Try running the code to see if you can move around.

Mouse inputs

We retrieved the pressed keys using GCKeyboard. On a similar note, we can track the mouse position using GCMouse. However, mouse works a bit differently: instead of checking for mouse position every frame, we will implement a callback for when the mouse moves.

First, let's create a rightJoystick variable that the view controller will be able to access.

Renderer.swift:

...

class Renderer: NSObject, MTKViewDelegate {
...

// Input devices
...

var rightJoystick = simd_float2(0.0, 0.0)

...

func draw(in view: MTKView) {
...

// Move the camera
...

// Rotate the camera
camera.rotate(rotationAngles: rightJoystick)
rightJoystick = simd_float2(0.0, 0.0)

...
}

...
}

The camera.rotate() function isn't implemented yet, we will look at it in just a moment. But first, we will register mouse position callbacks when a mouse connects.

GameViewController.swift:

override func viewDidLoad() {
...

// Input

// Keyboard
...

// Mouse
NotificationCenter.default.addObserver(forName: NSNotification.Name.GCMouseDidConnect, object: nil, queue: nil) {
(note) in
guard let _mouse = note.object as? GCMouse else {
return
}

// Register callbacks
_mouse.mouseInput?.mouseMovedHandler = {
(mouseInput, deltaX, deltaY) in
if mouseInput.leftButton.isPressed {
let windowSize = self.view.window?.contentView?.frame.size
let normX = deltaX / Float(windowSize!.width)
let normY = deltaY / Float(windowSize!.height)

self.renderer.rightJoystick.x += normX
self.renderer.rightJoystick.y += normY
}
}
}

...
}

When the left mouse button is pressed, we get how much has the mouse moved (deltaX, deltaY) and divide it by window size to get it to the range [-1 … 1].
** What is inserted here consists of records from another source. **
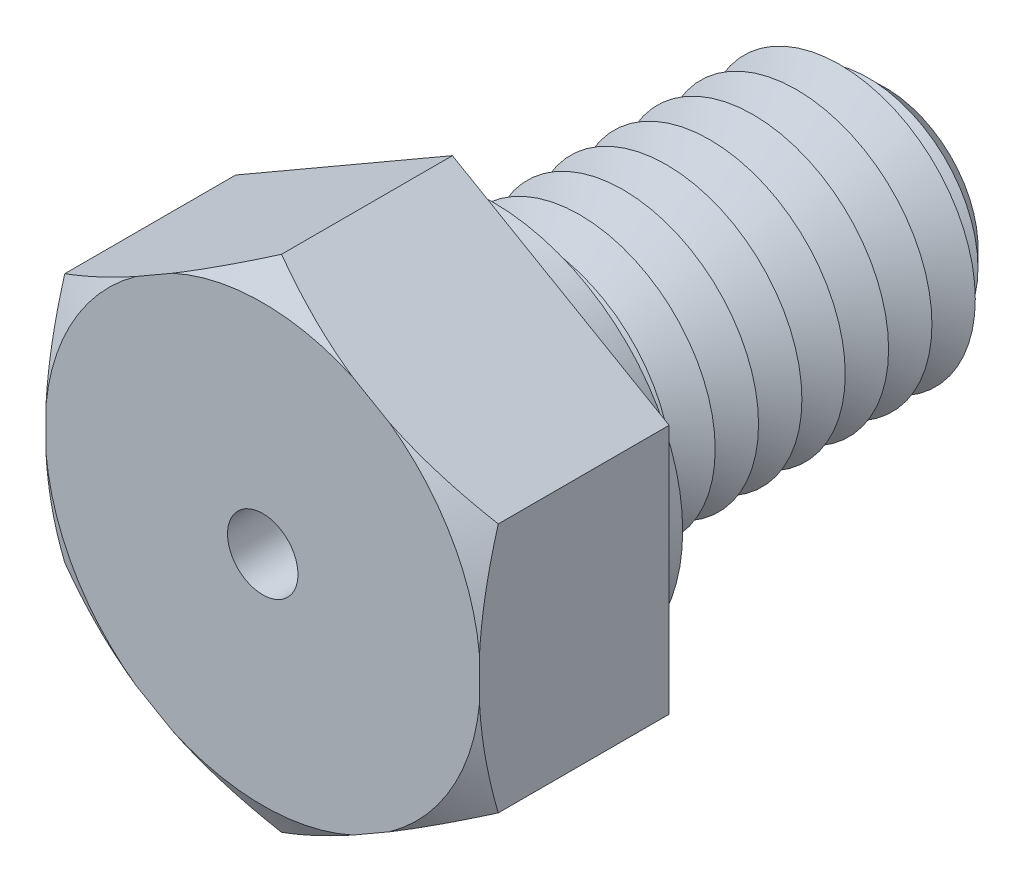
ISO-10303-21;
HEADER;
FILE_DESCRIPTION(('STEP AP214'),'2;1');
FILE_NAME('part.step','',(''),(''),'','','');
FILE_SCHEMA(('AUTOMOTIVE_DESIGN { 1 0 10303 214 1 1 1 1 }'));
ENDSEC;
DATA;
#1=APPLICATION_CONTEXT('core data for automotive mechanical design processes');
#2=APPLICATION_PROTOCOL_DEFINITION('international standard','automotive_design',2000,#1);
#3=PRODUCT_CONTEXT('',#1,'mechanical');
#4=PRODUCT('Part','Part','',(#3));
#5=PRODUCT_RELATED_PRODUCT_CATEGORY('part','',(#4));
#6=PRODUCT_DEFINITION_FORMATION('','',#4);
#7=PRODUCT_DEFINITION_CONTEXT('part definition',#1,'design');
#8=PRODUCT_DEFINITION('design','',#6,#7);
#9=PRODUCT_DEFINITION_SHAPE('','',#8);
#10=(LENGTH_UNIT() NAMED_UNIT(*) SI_UNIT(.MILLI.,.METRE.));
#11=(NAMED_UNIT(*) PLANE_ANGLE_UNIT() SI_UNIT($,.RADIAN.));
#12=(NAMED_UNIT(*) SI_UNIT($,.STERADIAN.) SOLID_ANGLE_UNIT());
#13=UNCERTAINTY_MEASURE_WITH_UNIT(LENGTH_MEASURE(1.E-05),#10,'distance_accuracy_value','');
#14=(GEOMETRIC_REPRESENTATION_CONTEXT(3) GLOBAL_UNCERTAINTY_ASSIGNED_CONTEXT((#13)) GLOBAL_UNIT_ASSIGNED_CONTEXT((#10,
#11,#12)) REPRESENTATION_CONTEXT('',''));
#15=CARTESIAN_POINT('',(0.,0.,0.));
#16=DIRECTION('',(0.,0.,1.));
#17=DIRECTION('',(1.,0.,0.));
#18=AXIS2_PLACEMENT_3D('',#15,#16,#17);
#19=CARTESIAN_POINT('',(4.,2.3094010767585,3.5));
#20=DIRECTION('',(-0.5,-0.866025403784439,0.));
#21=DIRECTION('',(0.866025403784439,-0.5,0.));
#22=AXIS2_PLACEMENT_3D('',#19,#20,#21);
#23=PLANE('',#22);
#24=CARTESIAN_POINT('',(6.77926459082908,0.704791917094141,1.88515125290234));
#25=CARTESIAN_POINT('',(6.65357706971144,0.777357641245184,1.95298106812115));
#26=CARTESIAN_POINT('',(6.52758896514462,0.850096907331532,2.02007962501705));
#27=CARTESIAN_POINT('',(6.2748848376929,0.995995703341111,2.15247084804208));
#28=CARTESIAN_POINT('',(6.14816872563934,1.06915528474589,2.21776328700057));
#29=CARTESIAN_POINT('',(5.8935057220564,1.21618503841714,2.34638757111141));
#30=CARTESIAN_POINT('',(5.76555618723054,1.29005673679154,2.40971246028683));
#31=CARTESIAN_POINT('',(5.50869902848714,1.43835328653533,2.53371033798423));
#32=CARTESIAN_POINT('',(5.37979143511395,1.51277812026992,2.59438341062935));
#33=CARTESIAN_POINT('',(5.11756014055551,1.66417742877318,2.7140043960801));
#34=CARTESIAN_POINT('',(4.98420771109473,1.74116848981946,2.77286873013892));
#35=CARTESIAN_POINT('',(4.7161724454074,1.89591872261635,2.88640197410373));
#36=CARTESIAN_POINT('',(4.58148968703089,1.97367784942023,2.94107112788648));
#37=CARTESIAN_POINT('',(4.31074083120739,2.12999477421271,3.0451841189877));
#38=CARTESIAN_POINT('',(4.17467611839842,2.20855177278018,3.09463271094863));
#39=CARTESIAN_POINT('',(3.90094921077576,2.36658807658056,3.18716064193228));
#40=CARTESIAN_POINT('',(3.76328722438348,2.44606726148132,3.23024080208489));
#41=CARTESIAN_POINT('',(3.43409497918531,2.63612649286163,3.32342391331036));
#42=CARTESIAN_POINT('',(3.24179802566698,2.74714919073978,3.37006382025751));
#43=CARTESIAN_POINT('',(2.95137883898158,2.91482278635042,3.4261412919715));
#44=CARTESIAN_POINT('',(2.85424512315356,2.97090296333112,3.44251989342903));
#45=CARTESIAN_POINT('',(2.65944416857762,3.08337134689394,3.47023794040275));
#46=CARTESIAN_POINT('',(2.56177700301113,3.13975951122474,3.48157806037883));
#47=CARTESIAN_POINT('',(2.36721602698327,3.25208934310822,3.49879538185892));
#48=CARTESIAN_POINT('',(2.27032632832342,3.30802863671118,3.50473421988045));
#49=CARTESIAN_POINT('',(2.07641108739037,3.41998565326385,3.51119583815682));
#50=CARTESIAN_POINT('',(1.97938554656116,3.47600337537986,3.51171867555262));
#51=CARTESIAN_POINT('',(1.78542763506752,3.58798502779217,3.50733170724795));
#52=CARTESIAN_POINT('',(1.68849526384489,3.64394895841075,3.50242193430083));
#53=CARTESIAN_POINT('',(1.49492986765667,3.75570399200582,3.48731840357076));
#54=CARTESIAN_POINT('',(1.39829689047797,3.81149506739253,3.47712384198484));
#55=CARTESIAN_POINT('',(1.1701117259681,3.94323783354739,3.44706969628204));
#56=CARTESIAN_POINT('',(1.03877271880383,4.01906644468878,3.42503535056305));
#57=CARTESIAN_POINT('',(0.777349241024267,4.16999935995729,3.37264454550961));
#58=CARTESIAN_POINT('',(0.64726495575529,4.24510355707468,3.34228687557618));
#59=CARTESIAN_POINT('',(0.388367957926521,4.3945778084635,3.27439527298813));
#60=CARTESIAN_POINT('',(0.259556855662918,4.46894693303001,3.2368532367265));
#61=CARTESIAN_POINT('',(0.00337956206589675,4.61685096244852,3.15577578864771));
#62=CARTESIAN_POINT('',(-0.123986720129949,4.69038591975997,3.11224075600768));
#63=CARTESIAN_POINT('',(-0.378873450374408,4.83754484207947,3.01966290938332));
#64=CARTESIAN_POINT('',(-0.506377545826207,4.91115936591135,2.97056048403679));
#65=CARTESIAN_POINT('',(-0.760034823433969,5.0576084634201,2.86822484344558));
#66=CARTESIAN_POINT('',(-0.886188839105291,5.13044351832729,2.81499436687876));
#67=CARTESIAN_POINT('',(-1.13734672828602,5.27544959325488,2.70513446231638));
#68=CARTESIAN_POINT('',(-1.26235083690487,5.34762074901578,2.6485057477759));
#69=CARTESIAN_POINT('',(-1.5113783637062,5.49139685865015,2.53244390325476));
#70=CARTESIAN_POINT('',(-1.63540176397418,5.56300180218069,2.47301072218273));
#71=CARTESIAN_POINT('',(-1.84520240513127,5.68413025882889,2.37015667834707));
#72=CARTESIAN_POINT('',(-1.93119941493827,5.73378065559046,2.32733101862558));
#73=CARTESIAN_POINT('',(-2.1028145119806,5.83286267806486,2.24068817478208));
#74=CARTESIAN_POINT('',(-2.18843261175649,5.88229431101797,2.19687102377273));
#75=CARTESIAN_POINT('',(-2.3584228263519,5.98043820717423,2.10883190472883));
#76=CARTESIAN_POINT('',(-2.44279852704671,6.02915254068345,2.06461915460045));
#77=CARTESIAN_POINT('',(-2.61124951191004,6.12640776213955,1.97543229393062));
#78=CARTESIAN_POINT('',(-2.6953247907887,6.17494864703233,1.93045817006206));
#79=CARTESIAN_POINT('',(-2.77926459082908,6.22341131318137,1.88515125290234));
#80=B_SPLINE_CURVE_WITH_KNOTS('',3,(#24,#25,#26,#27,#28,#29,#30,#31,#32,#33,#34,#35,#36,#37,#38,
#39,#40,#41,#42,#43,#44,#45,#46,#47,#48,#49,#50,#51,#52,#53,#54,#55,#56,#57,#58,#59,#60,#61,#62,
#63,#64,#65,#66,#67,#68,#69,#70,#71,#72,#73,#74,#75,#76,#77,#78,#79),.UNSPECIFIED.,.F.,.F.,(4,2,
2,2,2,2,2,2,2,2,2,2,2,2,2,2,2,2,2,2,2,2,2,2,2,2,2,4),(0.,0.480604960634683,0.96127009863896,
1.44347608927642,1.92566677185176,2.42016676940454,2.91463799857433,3.4086549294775,
3.9026081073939,4.58254272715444,4.92249867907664,5.26240911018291,5.59839013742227,
5.93436761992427,6.27034307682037,6.60636964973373,7.06584039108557,7.52537799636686,
7.98543702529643,8.44546695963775,8.91099531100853,9.37621741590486,9.84134218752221,
10.3064754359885,10.6308960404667,10.9553058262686,11.2762760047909,11.5972518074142),.UNSPECIFIED.);
#81=CARTESIAN_POINT('',(4.,2.3094010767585,3.15358983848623));
#82=VERTEX_POINT('',#81);
#83=CARTESIAN_POINT('',(2.33627081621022,3.26995556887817,3.5));
#84=VERTEX_POINT('',#83);
#85=EDGE_CURVE('E132',#82,#84,#80,.T.);
#86=ORIENTED_EDGE('',*,*,#85,.F.);
#87=DIRECTION('',(0.,0.,-1.));
#88=VECTOR('',#87,1.);
#89=CARTESIAN_POINT('',(4.,2.3094010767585,3.5));
#90=LINE('',#89,#88);
#91=CARTESIAN_POINT('',(4.,2.3094010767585,0.));
#92=VERTEX_POINT('',#91);
#93=EDGE_CURVE('E144',#82,#92,#90,.T.);
#94=ORIENTED_EDGE('',*,*,#93,.T.);
#95=DIRECTION('',(-0.866025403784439,0.5,0.));
#96=VECTOR('',#95,1.);
#97=CARTESIAN_POINT('',(4.,2.3094010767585,0.));
#98=LINE('',#97,#96);
#99=CARTESIAN_POINT('',(0.,4.618802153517,0.));
#100=VERTEX_POINT('',#99);
#101=EDGE_CURVE('E275',#92,#100,#98,.T.);
#102=ORIENTED_EDGE('',*,*,#101,.T.);
#103=DIRECTION('',(0.,0.,-1.));
#104=VECTOR('',#103,1.);
#105=CARTESIAN_POINT('',(0.,4.618802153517,3.5));
#106=LINE('',#105,#104);
#107=CARTESIAN_POINT('',(0.,4.61880215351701,3.15358983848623));
#108=VERTEX_POINT('',#107);
#109=EDGE_CURVE('E179',#108,#100,#106,.T.);
#110=ORIENTED_EDGE('',*,*,#109,.F.);
#111=CARTESIAN_POINT('',(1.66372918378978,3.65824766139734,3.5));
#112=VERTEX_POINT('',#111);
#113=EDGE_CURVE('E151',#112,#108,#80,.T.);
#114=ORIENTED_EDGE('',*,*,#113,.F.);
#115=DIRECTION('',(-0.866025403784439,0.5,0.));
#116=VECTOR('',#115,1.);
#117=CARTESIAN_POINT('',(4.,2.3094010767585,3.5));
#118=LINE('',#117,#116);
#119=EDGE_CURVE('E148',#84,#112,#118,.T.);
#120=ORIENTED_EDGE('',*,*,#119,.F.);
#121=EDGE_LOOP('',(#86,#94,#102,#110,#114,#120));
#122=FACE_BOUND('',#121,.T.);
#123=ADVANCED_FACE('F39',(#122),#23,.F.);
#124=CARTESIAN_POINT('',(0.,4.618802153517,3.5));
#125=DIRECTION('',(0.5,-0.866025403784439,0.));
#126=DIRECTION('',(0.866025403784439,0.5,0.));
#127=AXIS2_PLACEMENT_3D('',#124,#125,#126);
#128=PLANE('',#127);
#129=CARTESIAN_POINT('',(2.77926459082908,6.22341131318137,1.88515125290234));
#130=CARTESIAN_POINT('',(2.65357706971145,6.15084558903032,1.95298106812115));
#131=CARTESIAN_POINT('',(2.52758896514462,6.07810632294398,2.02007962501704));
#132=CARTESIAN_POINT('',(2.2748848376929,5.9322075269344,2.15247084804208));
#133=CARTESIAN_POINT('',(2.14816872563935,5.85904794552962,2.21776328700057));
#134=CARTESIAN_POINT('',(1.89350572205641,5.71201819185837,2.3463875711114));
#135=CARTESIAN_POINT('',(1.76555618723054,5.63814649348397,2.40971246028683));
#136=CARTESIAN_POINT('',(1.50869902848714,5.48984994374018,2.53371033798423));
#137=CARTESIAN_POINT('',(1.37979143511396,5.41542511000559,2.59438341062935));
#138=CARTESIAN_POINT('',(1.11756014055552,5.26402580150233,2.7140043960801));
#139=CARTESIAN_POINT('',(0.984207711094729,5.18703474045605,2.77286873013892));
#140=CARTESIAN_POINT('',(0.716172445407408,5.03228450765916,2.88640197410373));
#141=CARTESIAN_POINT('',(0.581489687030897,4.95452538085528,2.94107112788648));
#142=CARTESIAN_POINT('',(0.310740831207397,4.7982084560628,3.0451841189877));
#143=CARTESIAN_POINT('',(0.174676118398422,4.71965145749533,3.09463271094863));
#144=CARTESIAN_POINT('',(-0.0990507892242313,4.56161515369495,3.18716064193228));
#145=CARTESIAN_POINT('',(-0.236712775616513,4.48213596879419,3.23024080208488));
#146=CARTESIAN_POINT('',(-0.565905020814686,4.29207673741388,3.32342391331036));
#147=CARTESIAN_POINT('',(-0.758201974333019,4.18105403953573,3.37006382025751));
#148=CARTESIAN_POINT('',(-1.04862116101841,4.01338044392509,3.4261412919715));
#149=CARTESIAN_POINT('',(-1.14575487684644,3.95730026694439,3.44251989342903));
#150=CARTESIAN_POINT('',(-1.34055583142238,3.84483188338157,3.47023794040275));
#151=CARTESIAN_POINT('',(-1.43822299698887,3.78844371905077,3.48157806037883));
#152=CARTESIAN_POINT('',(-1.63278397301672,3.67611388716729,3.49879538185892));
#153=CARTESIAN_POINT('',(-1.72967367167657,3.62017459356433,3.50473421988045));
#154=CARTESIAN_POINT('',(-1.92358891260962,3.50821757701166,3.51119583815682));
#155=CARTESIAN_POINT('',(-2.02061445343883,3.45219985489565,3.51171867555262));
#156=CARTESIAN_POINT('',(-2.21457236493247,3.34021820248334,3.50733170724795));
#157=CARTESIAN_POINT('',(-2.3115047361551,3.28425427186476,3.50242193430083));
#158=CARTESIAN_POINT('',(-2.50507013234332,3.1724992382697,3.48731840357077));
#159=CARTESIAN_POINT('',(-2.60170310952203,3.11670816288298,3.47712384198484));
#160=CARTESIAN_POINT('',(-2.82988827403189,2.98496539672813,3.44706969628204));
#161=CARTESIAN_POINT('',(-2.96122728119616,2.90913678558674,3.42503535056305));
#162=CARTESIAN_POINT('',(-3.22265075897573,2.75820387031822,3.37264454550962));
#163=CARTESIAN_POINT('',(-3.3527350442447,2.68309967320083,3.34228687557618));
#164=CARTESIAN_POINT('',(-3.61163204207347,2.53362542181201,3.27439527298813));
#165=CARTESIAN_POINT('',(-3.74044314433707,2.4592562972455,3.23685323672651));
#166=CARTESIAN_POINT('',(-3.99662043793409,2.311352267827,3.15577578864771));
#167=CARTESIAN_POINT('',(-4.12398672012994,2.23781731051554,3.11224075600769));
#168=CARTESIAN_POINT('',(-4.3788734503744,2.09065838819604,3.01966290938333));
#169=CARTESIAN_POINT('',(-4.5063775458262,2.01704386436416,2.97056048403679));
#170=CARTESIAN_POINT('',(-4.76003482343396,1.87059476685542,2.86822484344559));
#171=CARTESIAN_POINT('',(-4.88618883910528,1.79775971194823,2.81499436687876));
#172=CARTESIAN_POINT('',(-5.13734672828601,1.65275363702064,2.70513446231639));
#173=CARTESIAN_POINT('',(-5.26235083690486,1.58058248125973,2.64850574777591));
#174=CARTESIAN_POINT('',(-5.51137836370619,1.43680637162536,2.53244390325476));
#175=CARTESIAN_POINT('',(-5.63540176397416,1.36520142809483,2.47301072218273));
#176=CARTESIAN_POINT('',(-5.84520240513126,1.24407297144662,2.37015667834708));
#177=CARTESIAN_POINT('',(-5.93119941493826,1.19442257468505,2.32733101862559));
#178=CARTESIAN_POINT('',(-6.1028145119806,1.09534055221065,2.24068817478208));
#179=CARTESIAN_POINT('',(-6.18843261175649,1.04590891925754,2.19687102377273));
#180=CARTESIAN_POINT('',(-6.3584228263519,0.947765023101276,2.10883190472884));
#181=CARTESIAN_POINT('',(-6.44279852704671,0.899050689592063,2.06461915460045));
#182=CARTESIAN_POINT('',(-6.61124951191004,0.80179546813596,1.97543229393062));
#183=CARTESIAN_POINT('',(-6.6953247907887,0.753254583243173,1.93045817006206));
#184=CARTESIAN_POINT('',(-6.77926459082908,0.704791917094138,1.88515125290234));
#185=B_SPLINE_CURVE_WITH_KNOTS('',3,(#129,#130,#131,#132,#133,#134,#135,#136,#137,#138,#139,
#140,#141,#142,#143,#144,#145,#146,#147,#148,#149,#150,#151,#152,#153,#154,#155,#156,#157,#158,
#159,#160,#161,#162,#163,#164,#165,#166,#167,#168,#169,#170,#171,#172,#173,#174,#175,#176,#177,
#178,#179,#180,#181,#182,#183,#184),.UNSPECIFIED.,.F.,.F.,(4,2,2,2,2,2,2,2,2,2,2,2,2,2,2,2,2,2,
2,2,2,2,2,2,2,2,2,4),(0.,0.480604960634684,0.961270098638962,1.44347608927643,1.92566677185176,
2.42016676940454,2.91463799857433,3.4086549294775,3.9026081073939,4.58254272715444,
4.92249867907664,5.26240911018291,5.59839013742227,5.93436761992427,6.27034307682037,
6.60636964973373,7.06584039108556,7.52537799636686,7.98543702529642,8.44546695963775,
8.91099531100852,9.37621741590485,9.8413421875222,10.3064754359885,10.6308960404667,
10.9553058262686,11.2762760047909,11.5972518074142),.UNSPECIFIED.);
#186=CARTESIAN_POINT('',(-1.66372918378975,3.65824766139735,3.5));
#187=VERTEX_POINT('',#186);
#188=EDGE_CURVE('E377',#108,#187,#185,.T.);
#189=ORIENTED_EDGE('',*,*,#188,.F.);
#190=ORIENTED_EDGE('',*,*,#109,.T.);
#191=DIRECTION('',(-0.866025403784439,-0.5,0.));
#192=VECTOR('',#191,1.);
#193=CARTESIAN_POINT('',(0.,4.618802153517,0.));
#194=LINE('',#193,#192);
#195=CARTESIAN_POINT('',(-4.,2.3094010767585,0.));
#196=VERTEX_POINT('',#195);
#197=EDGE_CURVE('E295',#100,#196,#194,.T.);
#198=ORIENTED_EDGE('',*,*,#197,.T.);
#199=DIRECTION('',(0.,0.,-1.));
#200=VECTOR('',#199,1.);
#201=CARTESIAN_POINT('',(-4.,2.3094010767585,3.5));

Let's now implement the rotate function for camera and print the delta X and Y to see if it's working as expected.

Camera.swift:

...

class Camera {
...

func rotate(rotationAngles: simd_float2) {
print(rotationAngles)
}
}

You should see the rotation being printed into the console every frame.

Rotating the camera

Without further ado, let's jump right into the code.

Camera.swift:

...

class Camera {
...

var up = simd_float3(0.0, 1.0, 0.0)

func getViewMatrix() -> simd_float4x4 {
return createViewMatrix(eyePosition: position, targetPosition: position + direction, upVec: up)
}

func rotate(rotationAngles: simd_float2) {
direction = rotateVectorAroundNormal(vec: direction, angle: rotationAngles.y, normal: normalize(cross(direction, up)))
direction = rotateVectorAroundNormal(vec: direction, angle: rotationAngles.x, normal: up)
}
}

We use a function rotateVectorAroundNormal (we have yet to implement it) to rotate the camera direction around the 2 axis separately:

  • up and down — the normal is the left direction (cross of forward and up)
  • left and right — the normal is the up direction

I also created a member variable up for convenience and flexibility.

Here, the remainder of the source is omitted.